You’re missing the point. Every project has core team/developers. They (the passer-bys) are the most valuable by being the added value, the differentiators that close-source and the (neu) closed-platform open-source projects can’t have.
It is valid that a developer (or developers) of some projects may not want any kind of feedback, and just want to do their own thing. But the original “social coding” platform is not exactly the best fit for such projects.
Somewhat unrelated, but wtf is the link you posted?
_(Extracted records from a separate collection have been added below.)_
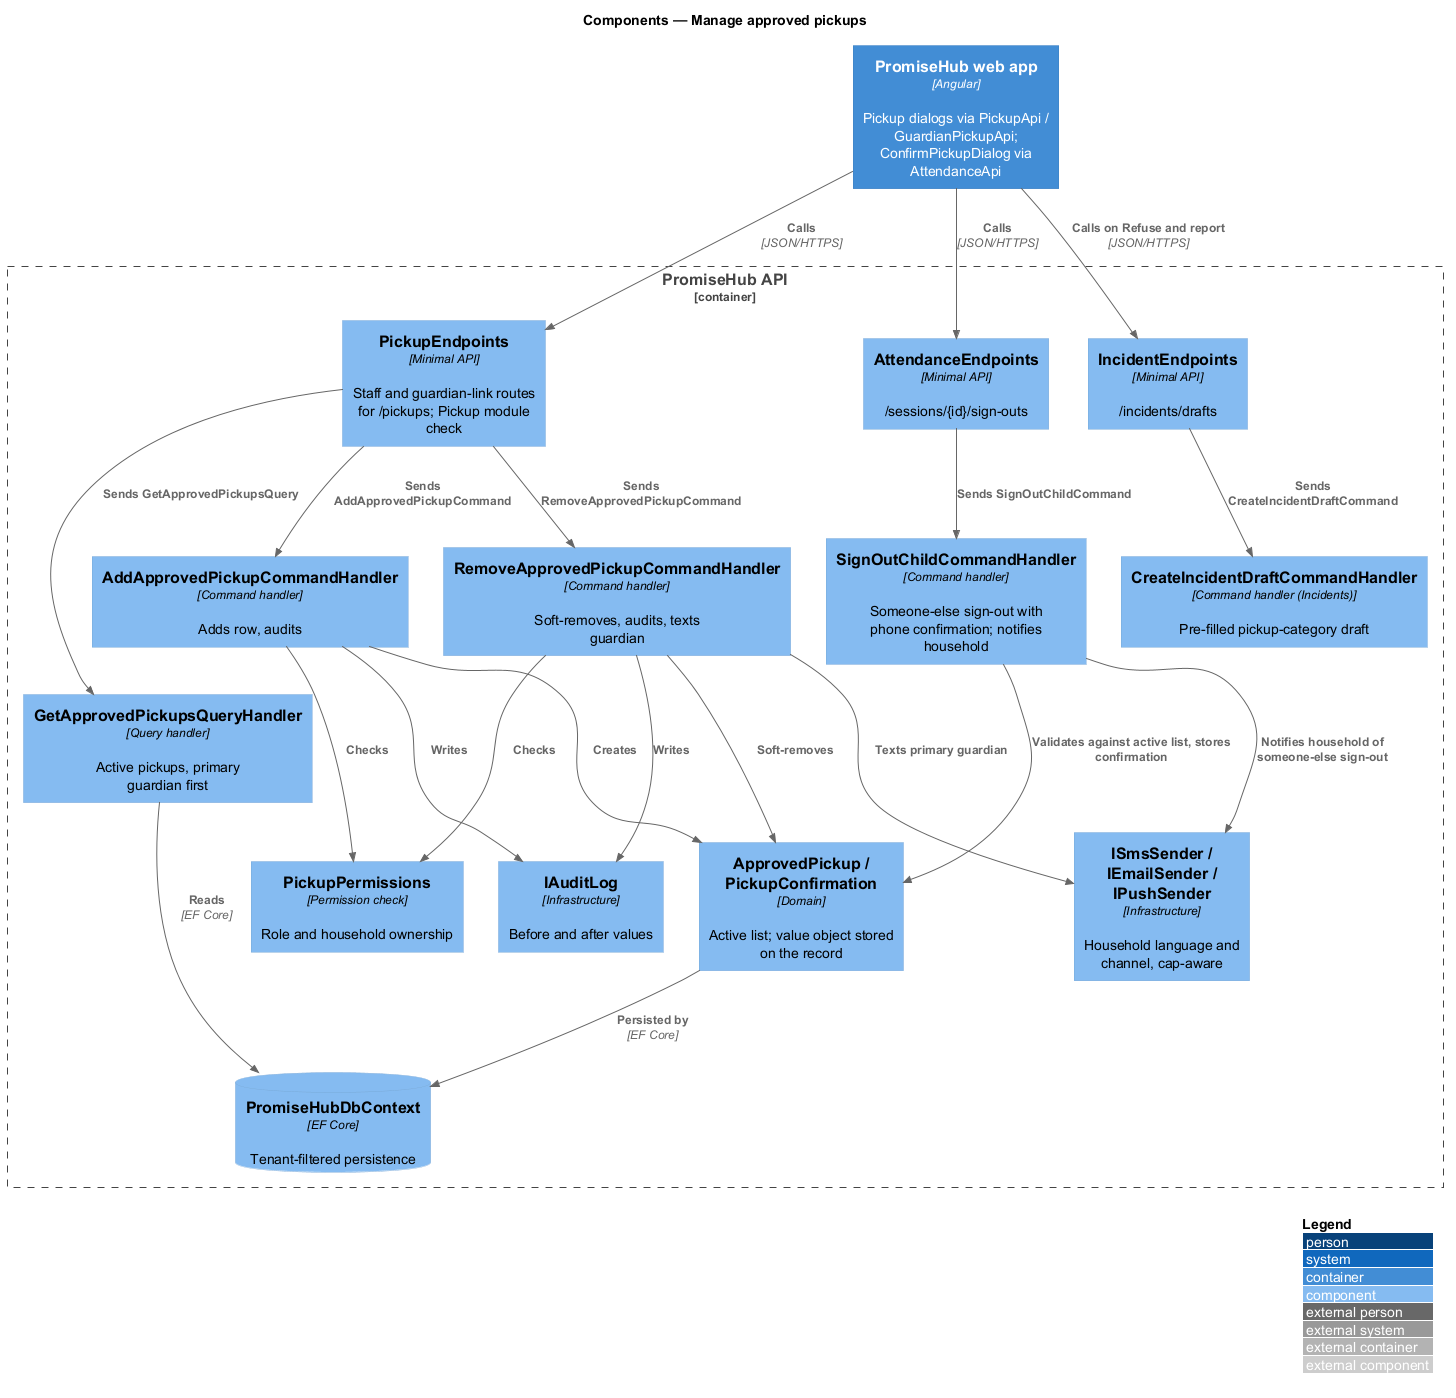

The diagram above was rendered by PlantUML. Its source (embedded in the PNG):
@startuml
!include <C4/C4_Component>
LAYOUT_WITH_LEGEND()
title Components — Manage approved pickups

Container(web, "PromiseHub web app", "Angular", "Pickup dialogs via PickupApi / GuardianPickupApi; ConfirmPickupDialog via AttendanceApi")
Container_Boundary(api, "PromiseHub API") {
  Component(pep, "PickupEndpoints", "Minimal API", "Staff and guardian-link routes for /pickups; Pickup module check")
  Component(aep, "AttendanceEndpoints", "Minimal API", "/sessions/{id}/sign-outs")
  Component(iep, "IncidentEndpoints", "Minimal API", "/incidents/drafts")
  Component(get, "GetApprovedPickupsQueryHandler", "Query handler", "Active pickups, primary guardian first")
  Component(add, "AddApprovedPickupCommandHandler", "Command handler", "Adds row, audits")
  Component(rem, "RemoveApprovedPickupCommandHandler", "Command handler", "Soft-removes, audits, texts guardian")
  Component(so, "SignOutChildCommandHandler", "Command handler", "Someone-else sign-out with phone confirmation; notifies household")
  Component(inc, "CreateIncidentDraftCommandHandler", "Command handler (Incidents)", "Pre-filled pickup-category draft")
  Component(perm, "PickupPermissions", "Permission check", "Role and household ownership")
  Component(dom, "ApprovedPickup / PickupConfirmation", "Domain", "Active list; value object stored on the record")
  Component(notify, "ISmsSender / IEmailSender / IPushSender", "Infrastructure", "Household language and channel, cap-aware")
  Component(audit, "IAuditLog", "Infrastructure", "Before and after values")
  ComponentDb(db, "PromiseHubDbContext", "EF Core", "Tenant-filtered persistence")
}

Rel(web, pep, "Calls", "JSON/HTTPS")
Rel(web, aep, "Calls", "JSON/HTTPS")
Rel(web, iep, "Calls on Refuse and report", "JSON/HTTPS")
Rel(pep, get, "Sends GetApprovedPickupsQuery")
Rel(pep, add, "Sends AddApprovedPickupCommand")
Rel(pep, rem, "Sends RemoveApprovedPickupCommand")
Rel(aep, so, "Sends SignOutChildCommand")
Rel(iep, inc, "Sends CreateIncidentDraftCommand")
Rel(add, perm, "Checks")
Rel(rem, perm, "Checks")
Rel(add, dom, "Creates")
Rel(rem, dom, "Soft-removes")
Rel(so, dom, "Validates against active list, stores confirmation")
Rel(rem, notify, "Texts primary guardian")
Rel(so, notify, "Notifies household of someone-else sign-out")
Rel(add, audit, "Writes")
Rel(rem, audit, "Writes")
Rel(get, db, "Reads", "EF Core")
Rel(dom, db, "Persisted by", "EF Core")
@enduml

The full (currently broken) link is:
https://infosec.pub/api/v3/image_proxy?url=https%3A%2F%2Flemmy.ml%2Fapi%2Fv3%2Fimage_proxy%3Furl%3Dhttps%253A%252F%252Flemmy.today%252Fapi%252Fv3%252Fimage_proxy%253Furl%253Dhttps%25253A%25252F%25252Fupload.wikimedia.org%25252Fwikipedia%25252Fcommons%25252F0%25252F00%25252F%252525C5%25252581ajno_ko%252525C5%25252584skie_400.jpgWhich, URL decoding the proxied URL, gives you:
https://lemmy.ml/api/v3/image_proxy?url=https%3A%2F%2Flemmy.today%2Fapi%2Fv3%2Fimage_proxy%3Furl%3Dhttps%253A%252F%252Fupload.wikimedia.org%252Fwikipedia%252Fcommons%252F0%252F00%252F%2525C5%252581ajno_ko%2525C5%252584skie_400.jpgDecoding once again:
https://lemmy.today/api/v3/image_proxy?url=https%3A%2F%2Fupload.wikimedia.org%2Fwikipedia%2Fcommons%2F0%2F00%2F%25C5%2581ajno_ko%25C5%2584skie_400.jpgAnd one final time actually gets to the original link: https://upload.wikimedia.org/wikipedia/commons/0/00/Łajno_końskie_400.jpg
I’ve been fighting with the image proxying for days now, I just gave up on this post since the meat and potatoes is the text post itself
People have been saying this would happen since MSFT bought GitHub and gutted it. Where have you been this whole time?
Wait till he finds out about Twitter.
I had the exact same struggle this week. I refuse to give up my privacy just to make an account, and after countless tries I’ve gotten nowhere. If anyone has suggestions to get around this I’d love them.